Chris Jones, Chicago Tribune on

Published in Entertainment News

CHICAGO — Angels hovering anew over Chicago’s North Side. The return of Brian Friel. And a “Raisin” we could call our own.

Here’s our annual celebration of the best Chicago shows of the year, in order, with an additional 10 in alphabetical order that almost made our list. As is our longtime practice, we’ve limited our choices to productions that originated in the Chicago area; otherwise you’d find the Lyric Opera’s sumptuous “Medea,” director David Cromer’s Goodman Theatre staging of “The Antiquities” from New York, the knockout touring casts of “Parade” and “The Sound of Music,” and other such worthies on this annual list of shows we won’t quickly forget.

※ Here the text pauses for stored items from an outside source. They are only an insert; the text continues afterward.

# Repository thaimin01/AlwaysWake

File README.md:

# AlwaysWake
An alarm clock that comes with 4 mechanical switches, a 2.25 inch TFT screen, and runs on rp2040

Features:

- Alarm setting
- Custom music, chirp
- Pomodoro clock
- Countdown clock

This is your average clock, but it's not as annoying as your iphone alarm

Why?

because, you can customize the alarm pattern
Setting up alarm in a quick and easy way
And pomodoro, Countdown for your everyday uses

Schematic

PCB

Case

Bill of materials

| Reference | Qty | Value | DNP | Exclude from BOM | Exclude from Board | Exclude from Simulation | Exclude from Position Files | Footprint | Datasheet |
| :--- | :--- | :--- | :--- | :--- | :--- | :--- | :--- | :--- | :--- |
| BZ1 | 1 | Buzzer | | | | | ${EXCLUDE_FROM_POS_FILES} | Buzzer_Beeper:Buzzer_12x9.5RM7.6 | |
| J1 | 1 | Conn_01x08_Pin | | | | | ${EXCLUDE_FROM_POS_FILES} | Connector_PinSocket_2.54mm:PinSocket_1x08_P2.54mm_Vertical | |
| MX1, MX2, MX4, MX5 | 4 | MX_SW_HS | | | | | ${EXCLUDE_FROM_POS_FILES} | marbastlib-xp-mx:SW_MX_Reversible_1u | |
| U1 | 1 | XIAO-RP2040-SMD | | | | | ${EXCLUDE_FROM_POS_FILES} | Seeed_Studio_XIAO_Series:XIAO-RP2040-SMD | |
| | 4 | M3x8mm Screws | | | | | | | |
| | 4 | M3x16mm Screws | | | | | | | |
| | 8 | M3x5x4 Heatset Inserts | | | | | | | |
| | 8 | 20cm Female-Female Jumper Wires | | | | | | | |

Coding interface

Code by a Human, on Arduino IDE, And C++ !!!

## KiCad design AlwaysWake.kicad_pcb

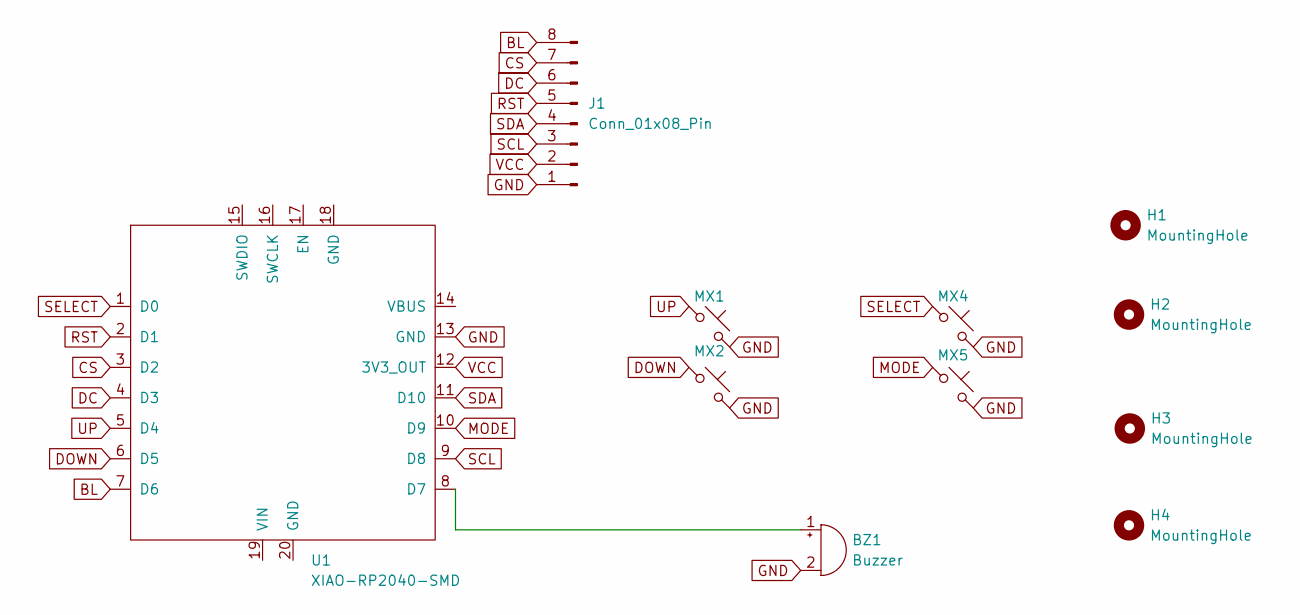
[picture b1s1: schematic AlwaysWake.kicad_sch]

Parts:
BZ1: Buzzer; Buzzer_12x9.5RM7.6
H1, H2, H3, H4: MountingHole; MountingHole_3.2mm_M3
J1: Conn_01x08_Pin; PinSocket_1x08_P2.54mm_Vertical
MX1, MX2, MX4, MX5: MX_SW_HS; SW_MX_Reversible_1u
U1: XIAO-RP2040-SMD

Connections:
BL: J1.8, U1.7 (D6)
CS: J1.7, U1.3 (D2)
DC: J1.6, U1.4 (D3)
DOWN: MX2.1, U1.6 (D5)
GND: BZ1.2 (-), J1.1, MX1.2, MX2.2, MX4.2, MX5.2, U1.13 (GND)
MODE: MX5.1, U1.10 (D9)
unnamed: BZ1.1 (+), U1.8 (D7)
RST: J1.5, U1.2 (D1)
SCL: J1.3, U1.9 (D8)
SDA: J1.4, U1.11 (D10)
SELECT: MX4.1, U1.1 (D0)
UP: MX1.1, U1.5 (D4)
VCC: J1.2, U1.12 (3V3_OUT)

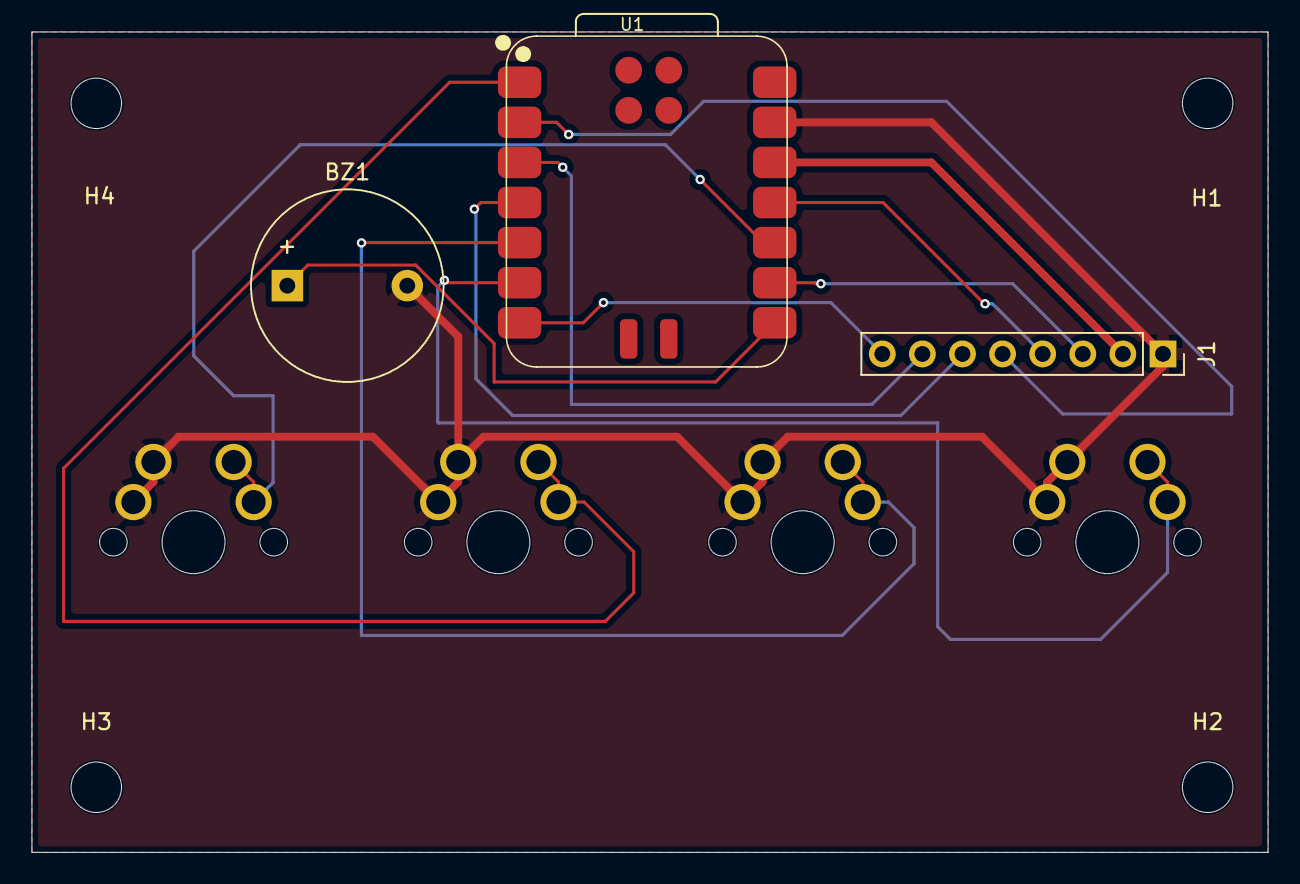
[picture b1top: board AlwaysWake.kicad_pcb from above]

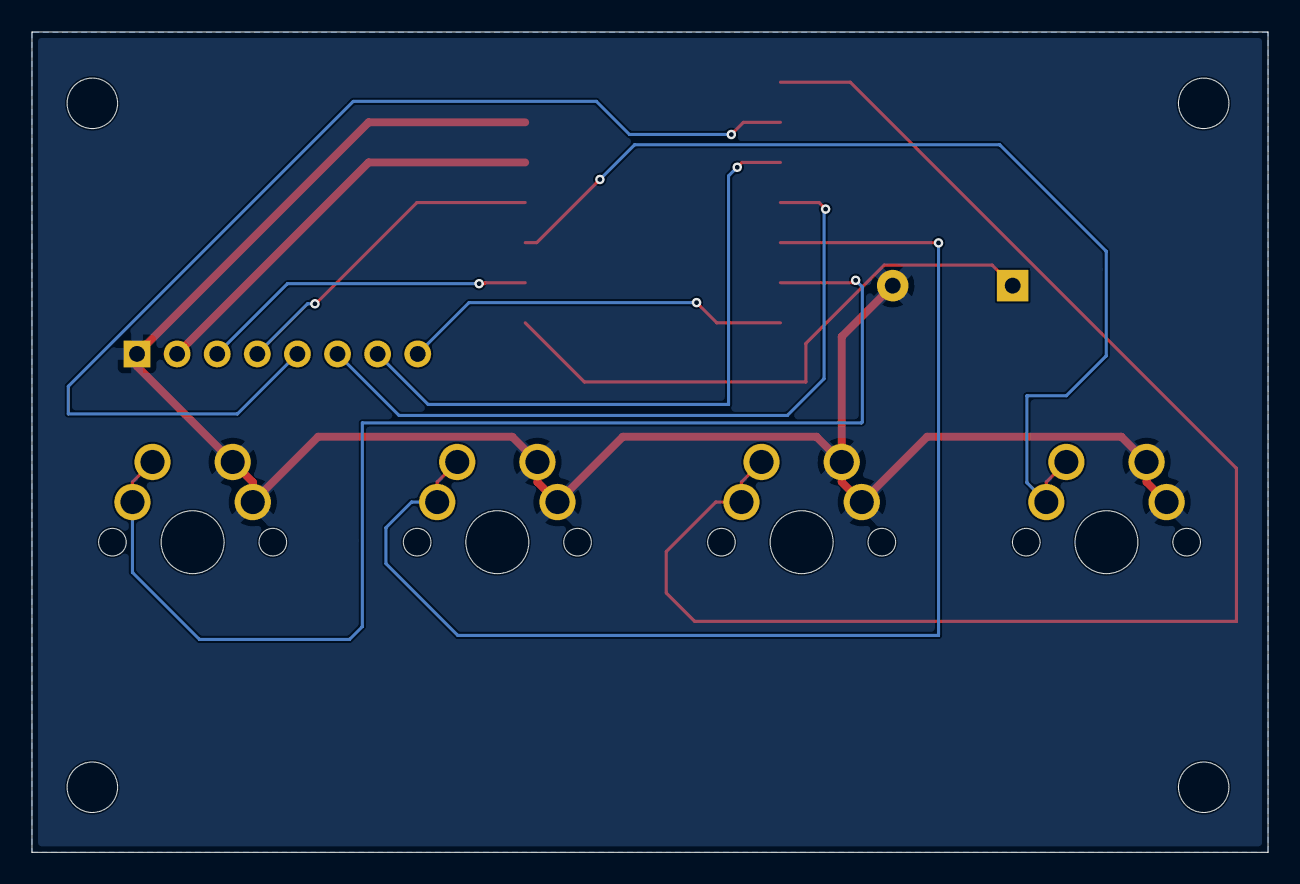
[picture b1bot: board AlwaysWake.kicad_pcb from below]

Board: 2 copper layers, 78.3 x 52.0 mm, 11 parts (4 on the bottom side), 13 nets.

1: “Angels in America” by Invictus Theatre

A phenomenal achievement for a neighborhood, storefront company with a low budget, the Invictus “Angels’ was the best non-Equity production here since before the pandemic and in many ways was a necessary reminder of the historic vitality of Chicago’s non-union theater scene, where young artists first made their mark before going on to oft-formidable careers. It’s our pick for the best show of the year. Aside from the audacity of the programming risk, director Charles Askenaizer’s fast-moving, rotating-repertory stagings of the constituent “Millennium Approaches” and “Perestroika” in the former Windy City Playhouse was visually compelling, richly acted throughout the cast, and allowed for audiences to experience this great play in a contemporary context. Everyone here gave of their hearts and souls to this project and the results were profoundly joyous.

2: “Translations” at Writers Theatre

Chicago has a singular tradition of potent stagings of Irish drama, the plays of Brian Friel in particular, and this Writers Theatre production of one of Friel’s greatest works from 1980 was a welcome return to a tradition that has felt a tad moribund in recent years. Director Braden Abraham began his production in total darkness before revealing the grand work of the designers Andrew Boyce and Maximo Grano De Oro that immersed the audience in the rolling hills and gorgeous sunsets of Ballybeg. This past year, Writers has really amped up its ability to use the assets of its main theater to immerse its audience in the environments of its shows and this one created such a vivid world as to be wholly engulfing. No stereotypes were tolerated; instead, we got Friel’s rich evocation of characters both flawed and vulnerable, and the love of his home that informed so much of his great dramas of regular folks struggling with time and change.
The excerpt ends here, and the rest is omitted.